The trouble is, if you do the mathematics, that big loss is large enough to eat up all your previous gains. Pick a limit and try it with a pencil and paper and coin before you try it with real money.

“Oh ho!” you think again, “If I play with a high limit, the odds of getting 10 or 20 reds in a row are too tiny to worry about.” Not so. You’ll find the gains are usually pretty tiny, too. Most of the time, you start a sequence of bets and you’ll end up just a few dollars ahead. Occasionally, you’ll hit your limit and you’ll end up thousands behind. And, of course, you just might get unlucky on the first sequence and lose all your money immediately.

Basically, this algorithm is a way of generating lots of small wins and a few huge losses.
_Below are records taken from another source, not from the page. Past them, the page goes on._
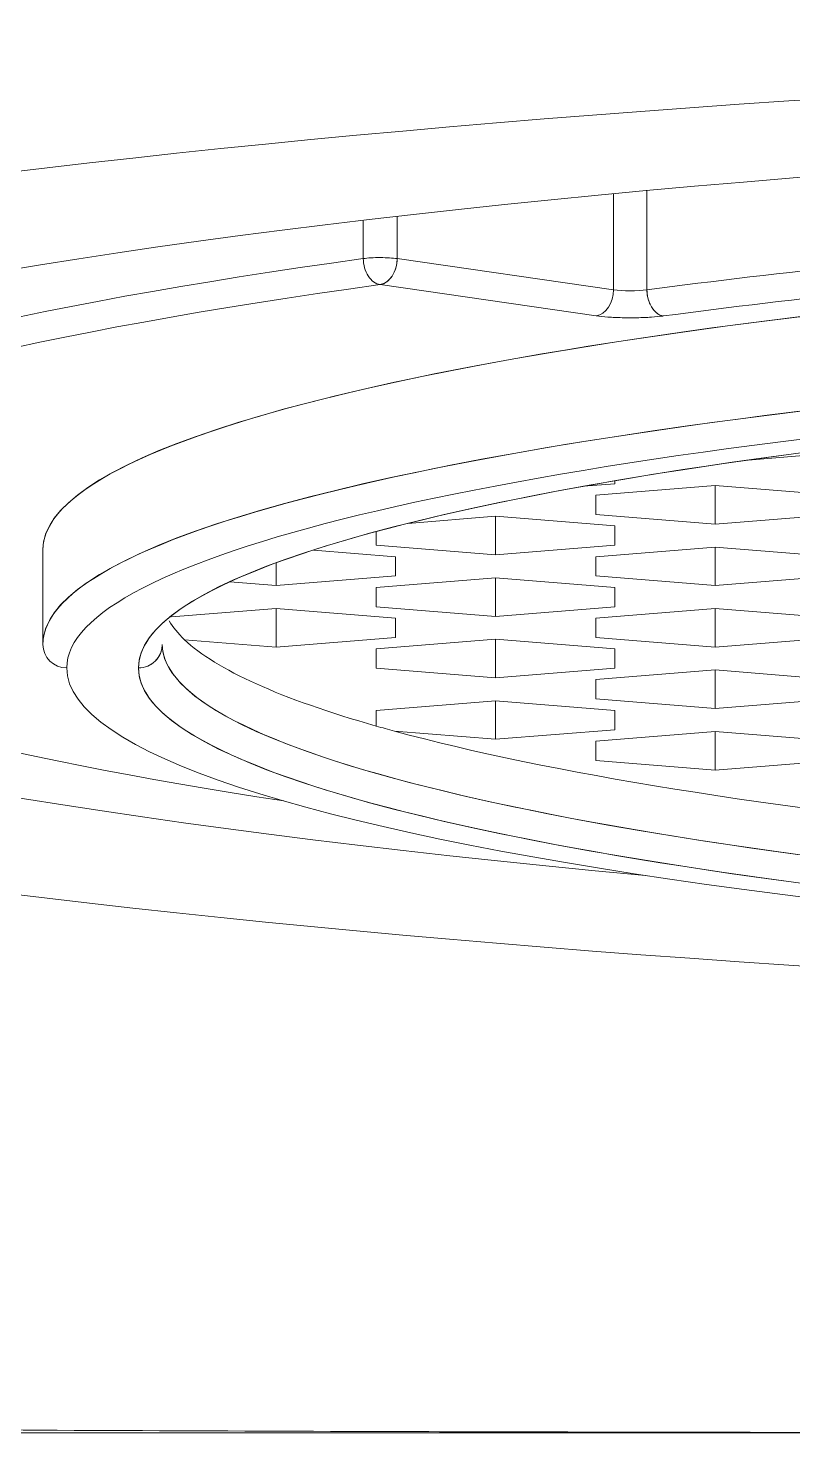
# Model space of a CAD drawing. Extents: x 6453 to 7582, y 0 to 827.
# Drawn here: x 6745.87 to 6749.08, y 199.46 to 205.35 of the extents above; entities that cross this region are included whole.
import ezdxf

# ---------------------------------------------------------------- set-up
doc = ezdxf.new("R2010")
doc.units = 0
doc.header["$LTSCALE"] = 30
doc.header["$MEASUREMENT"] = 0
doc.layers.add('1', color=7, linetype='CONTINUOUS')

msp = doc.modelspace()

# ---------------------------------------------------------------- linework, layer by layer
at = {"layer": '1', "color": 7, "linetype": 'Continuous', "lineweight": 13}
for p, q in [((6748.3254, 204.6535), (6748.3254, 204.2509)), ((6748.3254, 204.6535), (6748.3254, 204.2509)), ((6748.4661, 204.6666), (6748.4661, 204.2505)), ((6748.4661, 204.6666), (6748.4661, 204.2505)), ((6747.2778, 204.5424), (6747.2778, 204.3817)), ((6747.2778, 204.5424), (6747.2778, 204.3817)), ((6747.4199, 204.5589), (6747.4199, 204.3815)), ((6747.4199, 204.5589), (6747.4199, 204.3815)), ((6747.4199, 204.3815), (6748.3254, 204.2509)), ((6747.4199, 204.3815), (6748.3254, 204.2509))]:
    msp.add_line(p, q, dxfattribs=at)
at = {"layer": '1', "color": 7, "linetype": 'Continuous', "lineweight": 18}
for p, q in [((6748.3254, 204.6535), (6748.3254, 204.2509)), ((6748.3254, 204.2509), (6748.3254, 204.6535)), ((6748.4661, 204.6666), (6748.4661, 204.2505)), ((6748.4661, 204.6666), (6748.4661, 204.2505)), ((6747.2778, 204.3817), (6747.2778, 204.5424)), ((6747.2778, 204.5424), (6747.2778, 204.3817)), ((6747.4199, 204.3815), (6747.4199, 204.5589)), ((6747.4199, 204.3815), (6747.4199, 204.5589)), ((6748.3254, 204.2509), (6747.4199, 204.3815)), ((6748.3254, 204.2509), (6747.4199, 204.3815)), ((6748.2537, 204.1421), (6747.3481, 204.2728)), ((6747.3481, 204.2728), (6748.2537, 204.1421)), ((6747.3481, 204.2728), (6748.2537, 204.1421)), ((6747.3481, 204.2728), (6748.2537, 204.1421)), ((6749.2512, 203.5673), (6748.8904, 203.5381)), ((6748.8904, 203.5381), (6749.2512, 203.5673)), ((6749.2512, 203.5673), (6748.8904, 203.5381)), ((6748.8904, 203.5381), (6749.2512, 203.5673)), ((6748.3319, 203.4386), (6748.1996, 203.4279)), ((6748.1996, 203.4279), (6748.3319, 203.4386)), ((6748.3319, 203.4386), (6748.1996, 203.4279)), ((6748.1996, 203.4279), (6748.3319, 203.4386)), ((6748.2512, 203.3907), (6748.7512, 203.4311)), ((6748.7512, 203.4311), (6748.2512, 203.3907)), ((6748.2512, 203.3907), (6748.7512, 203.4311)), ((6748.7512, 203.4311), (6748.2512, 203.3907)), ((6748.3319, 203.4511), (6748.3319, 203.4386)), ((6748.3319, 203.4386), (6748.3319, 203.4511)), ((6748.3319, 203.4511), (6748.3319, 203.4386)), ((6748.3319, 203.4511), (6748.3319, 203.4386)), ((6748.3319, 203.4386), (6748.3319, 203.4511)), ((6748.7512, 203.2694), (6748.7512, 203.4311)), ((6748.7512, 203.2694), (6748.7512, 203.4311)), ((6749.2512, 203.3907), (6748.7512, 203.4311)), ((6748.7512, 203.4311), (6749.2512, 203.3907)), ((6748.7512, 203.4311), (6748.7512, 203.2694)), ((6748.7512, 203.2694), (6748.7512, 203.4311)), ((6749.2512, 203.3907), (6748.7512, 203.4311)), ((6748.7512, 203.4311), (6749.2512, 203.3907)), ((6748.2512, 203.3907), (6748.2512, 203.3098)), ((6748.2512, 203.3098), (6748.2512, 203.3907)), ((6748.2512, 203.3098), (6748.2512, 203.3907)), ((6748.2512, 203.3098), (6748.2512, 203.3907)), ((6748.2512, 203.3907), (6748.2512, 203.3098)), ((6747.8319, 203.3024), (6747.4644, 203.2726)), ((6747.4644, 203.2726), (6747.8319, 203.3024)), ((6747.4644, 203.2726), (6747.8319, 203.3024)), ((6747.8319, 203.3024), (6747.4644, 203.2726)), ((6747.8319, 203.3024), (6747.8319, 203.1406)), ((6747.8319, 203.3024), (6748.3319, 203.2619)), ((6747.8319, 203.1406), (6747.8319, 203.3024)), ((6748.3319, 203.2619), (6747.8319, 203.3024)), ((6747.8319, 203.3024), (6748.3319, 203.2619)), ((6747.8319, 203.1406), (6747.8319, 203.3024)), ((6747.8319, 203.1406), (6747.8319, 203.3024)), ((6748.3319, 203.2619), (6747.8319, 203.3024)), ((6748.2512, 203.3098), (6748.7512, 203.2694)), ((6748.7512, 203.2694), (6748.2512, 203.3098)), ((6748.7512, 203.2694), (6748.2512, 203.3098)), ((6748.2512, 203.3098), (6748.7512, 203.2694)), ((6749.2512, 203.3098), (6748.7512, 203.2694)), ((6748.7512, 203.2694), (6749.2512, 203.3098)), ((6749.2512, 203.3098), (6748.7512, 203.2694)), ((6748.7512, 203.2694), (6749.2512, 203.3098)), ((6747.3319, 203.1811), (6747.3319, 203.2383)), ((6747.3319, 203.2383), (6747.3319, 203.1811)), ((6747.3319, 203.1811), (6747.3319, 203.2383)), ((6747.3319, 203.2383), (6747.3319, 203.1811)), ((6747.3319, 203.1811), (6747.3319, 203.2383)), ((6748.3319, 203.262), (6748.3319, 203.1811)), ((6748.3319, 203.1811), (6748.3319, 203.2619)), ((6748.3319, 203.2619), (6748.3319, 203.1811)), ((6748.3319, 203.2619), (6748.3319, 203.1811)), ((6748.3319, 203.1811), (6748.3319, 203.2619)), ((6747.8319, 203.1406), (6747.3319, 203.1811)), ((6747.3319, 203.1811), (6747.8319, 203.1406)), ((6747.8319, 203.1406), (6747.3319, 203.1811)), ((6747.3319, 203.1811), (6747.8319, 203.1406)), ((6747.8319, 203.1406), (6748.3319, 203.1811)), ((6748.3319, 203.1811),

The odds are, if you play long enough, you’ll walk away without any money, right after one of those huge losses. And don’t forget the zero and double-zero are occasionally popping up, gnawing away at your bank account.

```
But there`s a catch. If you start winning too much (like $1000 a day)
casino will finally notice something and can ban you. I was banned
once on royal casino.
```

“Royal Casino” – as if!

```
So don`t be too greedy and don`t win more then $200 a day and you
can do it for years.
```

Well, no. If your limit is about $200 or so, then you can expect a big loss every 55 sequences. When that happens, you’ll lose about $350.

`I think bigger casinos know that trick`

And so do most books on probability and statistics. It’s a classic, called the “Martingale”. According to Wikipedia, it was developed first in 18th century France. Certainly, it has been studied extensively by mathematicians in the 20th century, and you haven’t noticed a lot of fabulously wealthy mathematicians, have you?

```
so I play for real money on smaller ones, right now I
play on DELETED for more then 3 months, I win $50-$200 a day and
my account still works.
```

A little bit of good old-fashioned lying never hurts on this kind of scam. But this paragraph is the key. This whole e-mail is really an advert for the DELETED online casino.

Now, think about it. Why would a casino advertize a betting system that worked? Hmm? Probably they wouldn’t. But they will be happy to advertise if they can take your money whenever the (simulated) roulette wheel ends up on zero or double-zero.

```
And don`t you dare talling about it anyone else, if too many people
knows about it casinos will finally found a way to block that trick.
```

Woo! The lure of shared secrets!

```
If you have any questions just drop me a line here or on skype.
c ya
```

The missive ends with a final attempt to make it sound like a real e-mail.